Taliban expanding in Afghan

KABUL, Afghanistan – Eight Afghan police gunned down at a checkpoint. Campaign workers kidnapped. Spanish trainers shot dead on their base.

A spurt of violence this week in provinces far from the Taliban's main southern strongholds suggests the insurgency is spreading, even as the top U.S. commander insists the coalition has reversed the militants' momentum in key areas of the ethnic Pashtun south where the Islamist movement was born.



Attacks in the north and west of the country though not militarily significant demonstrate that the Taliban are becoming a threat across wide areas of Afghanistan even as the United States and its partners mount a major effort to turn the tide of the nearly 9-year-old war in the south.

The latest example occurred Thursday when about a dozen gunmen stormed a police checkpoint at the entrance to the city of Kunduz, about 150 miles north of the Afghan capital, Kabul. Eight policemen were killed, provincial police chief Abdul Raziq Yaqoubi said.

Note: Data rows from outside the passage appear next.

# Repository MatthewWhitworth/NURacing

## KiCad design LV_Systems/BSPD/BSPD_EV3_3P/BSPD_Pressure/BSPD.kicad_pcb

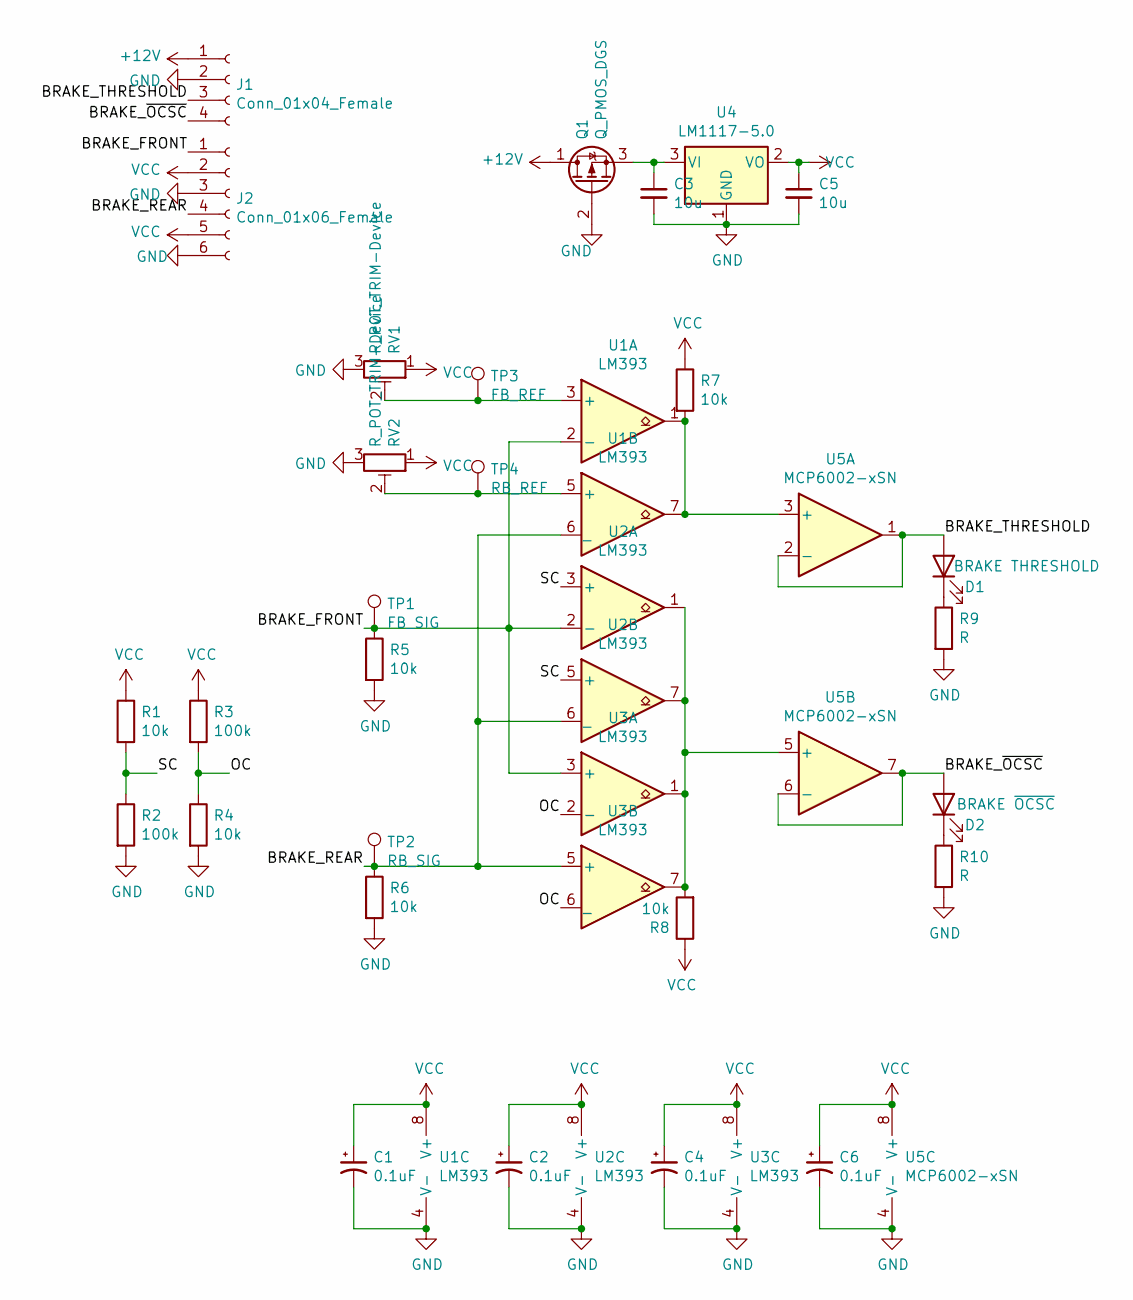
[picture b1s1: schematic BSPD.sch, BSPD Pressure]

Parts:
C1, C2, C4, C6: 0.1uF; C_0805_2012Metric
C3, C5: 10u; C_0805_2012Metric
D1: BRAKE THRESHOLD; LED_0805_2012Metric
D2: BRAKE ~OCSC; LED_0805_2012Metric
J1: Conn_01x04_Female; Molex_Micro-Fit_3.0_43045-0412_2x02_P3.00mm_Vertical
J2: Conn_01x06_Female; Molex_Micro-Fit_3.0_43045-0612_2x03_P3.00mm_Vertical
Q1: Q_PMOS_DGS; SOT-23
R1, R4, R5, R6, R7, R8: 10k; R_1206_3216Metric
R2, R3: 100k; R_1206_3216Metric
R9, R10: R; R_1206_3216Metric
RV1, RV2: R_POT_TRIM-Device; Potentiometer_Bourns_3296Y_Vertical
TP1: FB_SIG; TestPoint_Loop_D1.80mm_Drill1.0mm_Beaded
TP2: RB_SIG; TestPoint_Loop_D1.80mm_Drill1.0mm_Beaded
TP3: FB_REF; TestPoint_Loop_D1.80mm_Drill1.0mm_Beaded
TP4: RB_REF; TestPoint_Loop_D1.80mm_Drill1.0mm_Beaded
U1, U2, U3: LM393; SOIC-8_3.9x4.9mm_P1.27mm
U4: LM1117-5.0; SOT-223-3_TabPin2
U5: MCP6002-xSN; SOIC-8_3.9x4.9mm_P1.27mm

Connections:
+12V: J1.1, Q1.1 (D)
/BRAKE_FRONT: J2.1, R5.1, TP1.1, U1.2 (-), U2.2 (-), U3.3 (+)
/BRAKE_REAR: J2.4, R6.1, TP2.1, U1.6 (_), U2.6 (_), U3.5 (+)
/BRAKE_THRESHOLD: D1.2 (A), J1.3, U5.1, U5.2 (-)
/BRAKE_~OCSC: D2.2 (A), J1.4, U5.6 (-), U5.7
/OC: R3.2, R4.1, U3.2 (-), U3.6 (_)
/SC: R1.2, R2.1, U2.3 (+), U2.5 (+)
GND: C1.2, C2.2, C3.2, C4.2, C5.2, C6.2, J1.2, J2.3, J2.6, Q1.2 (G), R2.2, R4.2, R5.2, R6.2, R9.2, R10.2, RV1.3, RV2.3, U1.4 (V-), U2.4 (V-), U3.4 (V-), U4.1 (GND), U5.4 (V-)
unnamed: C3.1, Q1.3 (S), U4.3 (VI)
unnamed: D1.1 (K), R9.1
unnamed: D2.1 (K), R10.1
unnamed: R7.2, U1.1, U1.7, U5.3 (+)
unnamed: R8.2, U2.1, U2.7, U3.1, U3.7, U5.5 (+)
unnamed: RV1.2, TP3.1, U1.3 (+)
unnamed: RV2.2, TP4.1, U1.5 (+)
VCC: C1.1, C2.1, C4.1, C5.1, C6.1, J2.2, J2.5, R1.1, R3.1, R7.1, R8.1, RV1.1, RV2.1, U1.8 (V+), U2.8 (V+), U3.8 (V+), U4.2 (VO), U5.8 (V+)

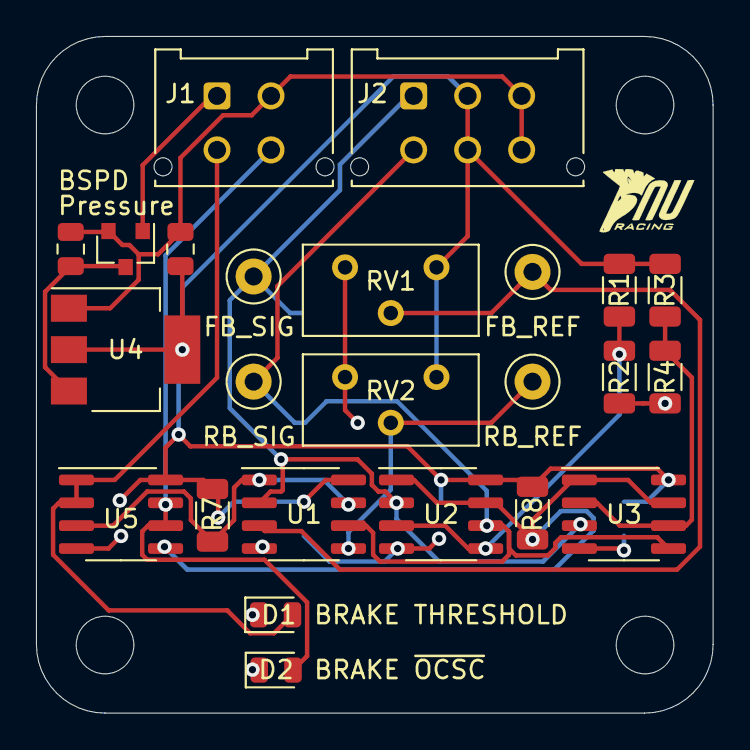
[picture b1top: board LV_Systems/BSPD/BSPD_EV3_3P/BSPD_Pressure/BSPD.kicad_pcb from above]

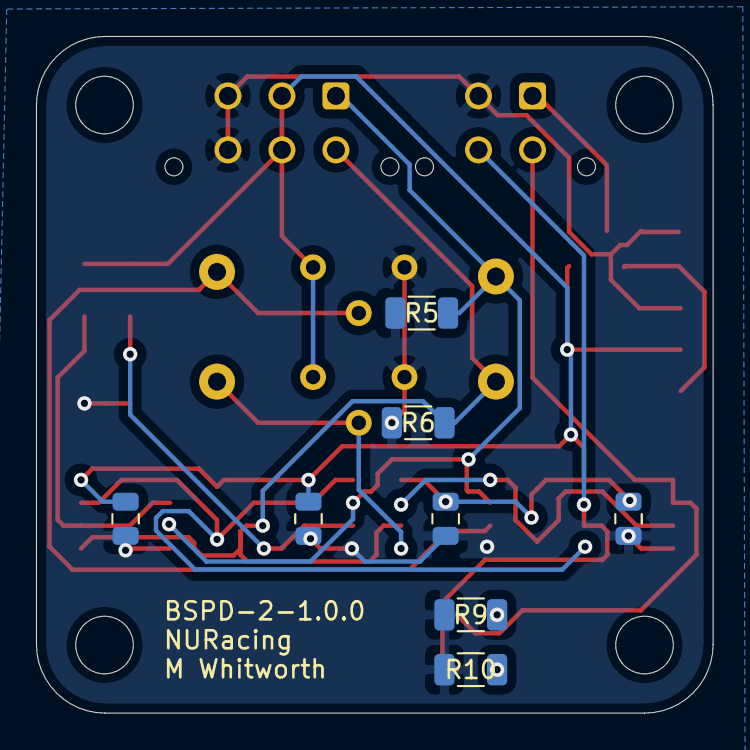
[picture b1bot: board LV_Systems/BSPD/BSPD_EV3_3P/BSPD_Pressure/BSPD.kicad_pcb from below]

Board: 2 copper layers, 37.6 x 37.6 mm, 32 parts (8 on the bottom side), 16 nets.

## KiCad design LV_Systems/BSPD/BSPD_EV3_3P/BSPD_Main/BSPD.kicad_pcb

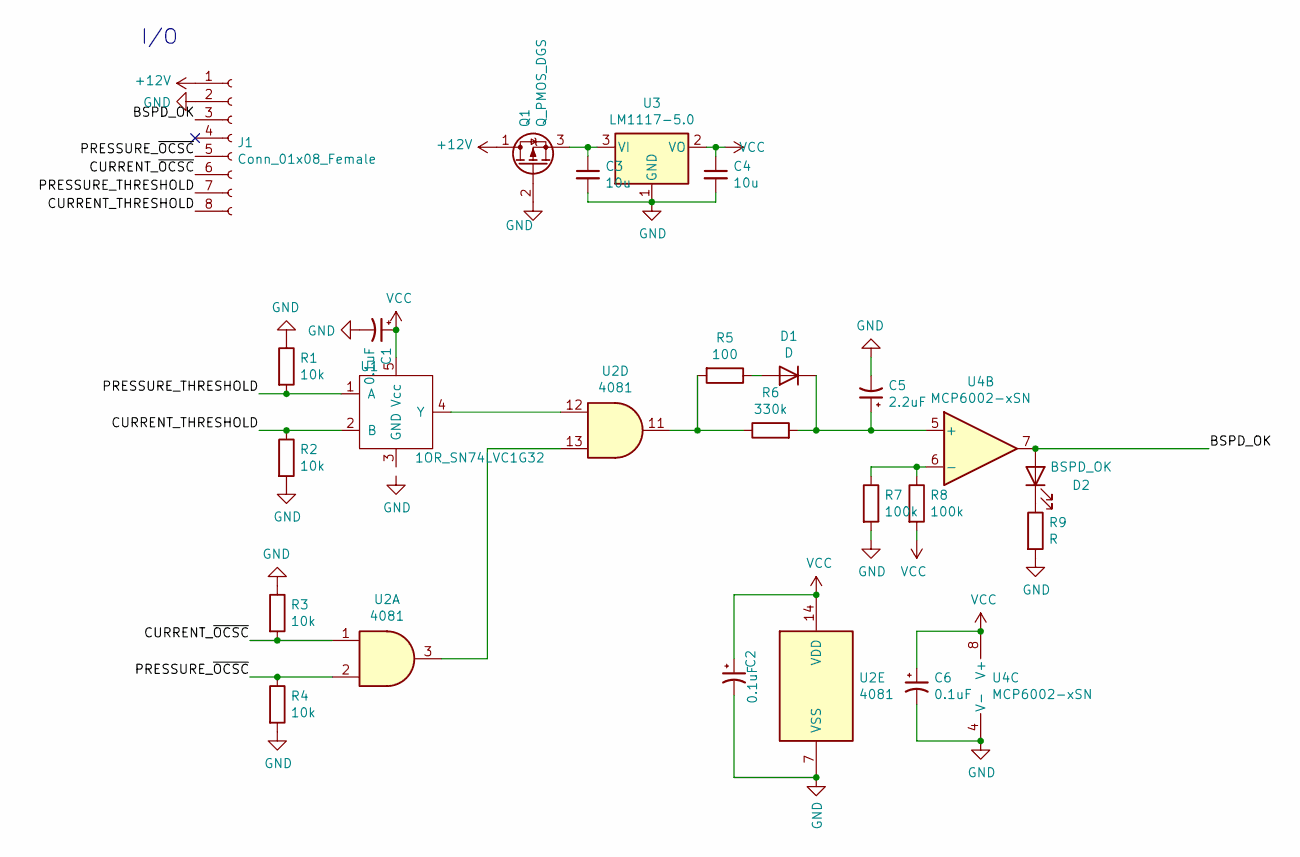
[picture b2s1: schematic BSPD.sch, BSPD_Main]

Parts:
C1, C2, C6: 0.1uF; C_0805_2012Metric
C3, C4: 10u; C_0805_2012Metric
C5: 2.2uF; C_0805_2012Metric
D1: D; D_SMA_Handsoldering
D2: BSPD_OK; LED_0805_2012Metric
J1: Conn_01x08_Female; Molex_Micro-Fit_3.0_43045-0812_2x04_P3.00mm_Vertical
Q1: Q_PMOS_DGS; SOT-23
R1, R2, R3, R4: 10k; R_1206_3216Metric
R5: 100; R_1206_3216Metric
R6: 330k; R_1206_3216Metric
R7, R8: 100k; R_1206_3216Metric
R9: R; R_1206_3216Metric
U1: 1OR_SN74LVC1G32; SOT-23-5_HandSoldering
U2: 4081; SOIC-14_3.9x8.7mm_P1.27mm
U3: LM1117-5.0; SOT-223-3_TabPin2
U4: MCP6002-xSN; SOIC-8_3.9x4.9mm_P1.27mm

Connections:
+12V: J1.1, Q1.1 (D)
/BSPD_OK: D2.2 (A), J1.3, U4.7
/CURRENT_THRESHOLD: J1.8, R2.1, U1.2 (B)
/CURRENT_~OCSC: J1.6, R3.2, U2.1
/PRESSURE_THRESHOLD: J1.7, R1.2, U1.1 (A)
/PRESSURE_~OCSC: J1.5, R4.1, U2.2
GND: C1.2, C2.2, C3.2, C4.2, C5.2, C6.2, J1.2, Q1.2 (G), R1.1, R2.2, R3.1, R4.2, R7.2, R9.2, U2.7 (VSS), U3.1 (GND), U4.4 (V-)
unnamed: C3.1, Q1.3 (S), U3.3 (VI)
unnamed: C5.1, D1.1 (K), R6.2, U4.5 (+)
unnamed: D1.2 (A), R5.1
unnamed: D2.1 (K), R9.1
unnamed: R5.2, R6.1, U2.11
unnamed: R7.1, R8.1, U4.6 (-)
unnamed: U1.4 (Y), U2.12
unnamed: U2.3, U2.13
VCC: C1.1, C2.1, C4.1, C6.1, R8.2, U1.5 (Vcc), U2.14 (VDD), U3.2 (VO), U4.8 (V+)

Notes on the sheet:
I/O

Also Thursday, a candidate in next month's parliamentary elections said 10 of her campaign workers were kidnapped while traveling in the northwestern province of Herat, 450 miles (725 kilometers) west of the capital.

The candidate, Fawzya Galani, said villagers told her armed men had stopped the group Wednesday and drove them off in their two vehicles.

Those incidents followed Wednesday's fatal shooting of three Spaniards two police trainers and an interpreter — at a training base in Badghis province about 230 miles (370 kilometers) northwest of Kabul.